Minimum of 9pc and maybe as high as 9.5pc is what im thinking. But the banks seem to do whatever the hell they want so maybe theyll throw in the wild card 

Good to see the RBA doing its job and protecting our savings from the ravages of Inflation 

I notice in 94' they went up 2.75pc , now that would hurt the highly leveraged!(Imagine having a 350k mortgage an then have to come up with an extra 10k p/a! ouchers.)


http://www.rba.gov.au/Statistics/cashrate_target.html


----------



## Bill M (4 February 2008)

Economists are predicting two rate rises of .25% for this year so that would bring our RBA cash rates to 7.25%. Considering there is a lot of competition for home loans and most of the better home loans are at around 8% now that would bring it up to 8.5% which is still reasonable.

For current variable home loans rate click on http://www.ratecity.com.au/home-loans/lowest-rates/


----------



## BradK (4 February 2008)

Some are going as high as 1% for the year. 

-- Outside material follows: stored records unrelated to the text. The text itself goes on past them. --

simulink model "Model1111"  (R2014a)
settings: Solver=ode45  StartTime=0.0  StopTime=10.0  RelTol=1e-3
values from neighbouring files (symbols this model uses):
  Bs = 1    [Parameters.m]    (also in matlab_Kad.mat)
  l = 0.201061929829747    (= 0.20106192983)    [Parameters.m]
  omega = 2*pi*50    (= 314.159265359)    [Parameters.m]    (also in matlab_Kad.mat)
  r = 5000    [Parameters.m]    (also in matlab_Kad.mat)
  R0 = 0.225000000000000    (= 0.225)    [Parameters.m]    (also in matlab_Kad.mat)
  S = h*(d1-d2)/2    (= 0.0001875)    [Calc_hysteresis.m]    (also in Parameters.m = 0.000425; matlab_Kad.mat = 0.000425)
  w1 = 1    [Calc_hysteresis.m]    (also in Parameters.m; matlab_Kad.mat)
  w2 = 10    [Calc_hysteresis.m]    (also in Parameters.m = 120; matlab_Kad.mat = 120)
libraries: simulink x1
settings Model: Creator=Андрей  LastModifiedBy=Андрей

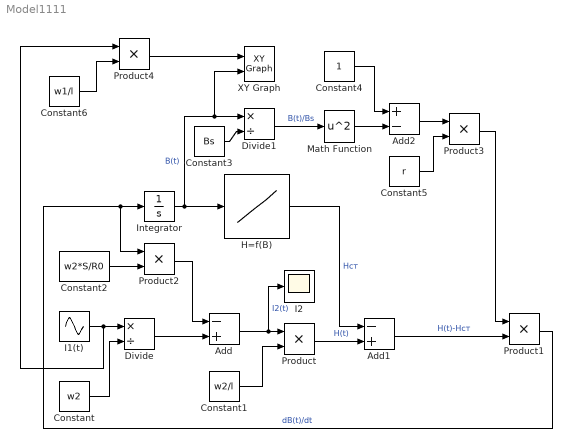
== system Model1111 ==
  Add : Sum  Inputs=-+
  Add1 : Sum  Inputs=-+
  Add2 : Sum  Inputs=+-
  Constant : Constant  Value=w2
  Constant1 : Constant  Value=w2/l
  Constant2 : Constant  Value=w2*S/R0
  Constant3 : Constant  Value=Bs
  Constant4 : Constant
  Constant5 : Constant  Value=r
  Constant6 : Constant  Value=w1/l
  Divide : Product  Inputs=*/
  Divide1 : Product  Inputs=*/
  H=f(B) : Lookup_n-D  NumberOfTableDimensions=1  BreakpointsForDimension1=[-5:5]  Table=tanh([-5:5])  InternalRulePriority=Speed  RndMeth=Simplest  InputSameDT=on
  I1(t) : Sin  Frequency=omega  SampleTime=0
  I2 : Scope
  Integrator : Integrator
  Math Function : Math  Operator=square  SaturateOnIntegerOverflow=on
  Product{,1..4} (5 alike) : Product
  XY Graph : simulink/Sinks/XY Graph  xmin=-1  xmax=1  ymin=-1  ymax=1  st=-1
  wires:
  I1(t)/1 -> Product4/1, Divide/1
  Constant/1 -> Divide/2
  Divide/1 -> Add/2
  Add/1 -> Product/1, I2/1  "I2(t)"
  Constant1/1 -> Product/2
  Product/1 -> Add1/2  "H(t)"
  Add1/1 -> Product1/2  "H(t)-Hст"
  Product1/1 -> Product2/1, Integrator/1  "dB(t)/dt"
  Constant2/1 -> Product2/2
  Product2/1 -> Add/1
  Integrator/1 -> XY Graph/2, Divide1/1, H=f(B)/1  "B(t)"
  H=f(B)/1 -> Add1/1  "Hст"
  Constant3/1 -> Divide1/2
  Divide1/1 -> Math Function/1  "B(t)/Bs"
  Add2/1 -> Product3/1
  Constant5/1 -> Product3/2
  Product3/1 -> Product1/1
  Math Function/1 -> Add2/2
  Constant4/1 -> Add2/1
  Product4/1 -> XY Graph/1
  Constant6/1 -> Product4/2

Oh, you're going to ask me to name them, aint ya? huh? Huh? HUH? 

Brad


----------



## theasxgorilla (4 February 2008)

BradK said:


> Oh, you're going to ask me to name them, aint ya? huh? Huh? HUH?




It would be useful...just so we can hack them to pieces from a 'vested interest' perspective.

Everyone else is credit crunching like mad and Aust is targeted for 1% over the next 12 months???  Give me break...r they for real?

Yes, names please.


----------



## BradK (4 February 2008)

ASX, 

I dont want to get all Marxist on you, but dont you think that this whole 'credit crunch' and 'subprime' crisis was mostly caused by bankers - but the punters are going to pay for it? 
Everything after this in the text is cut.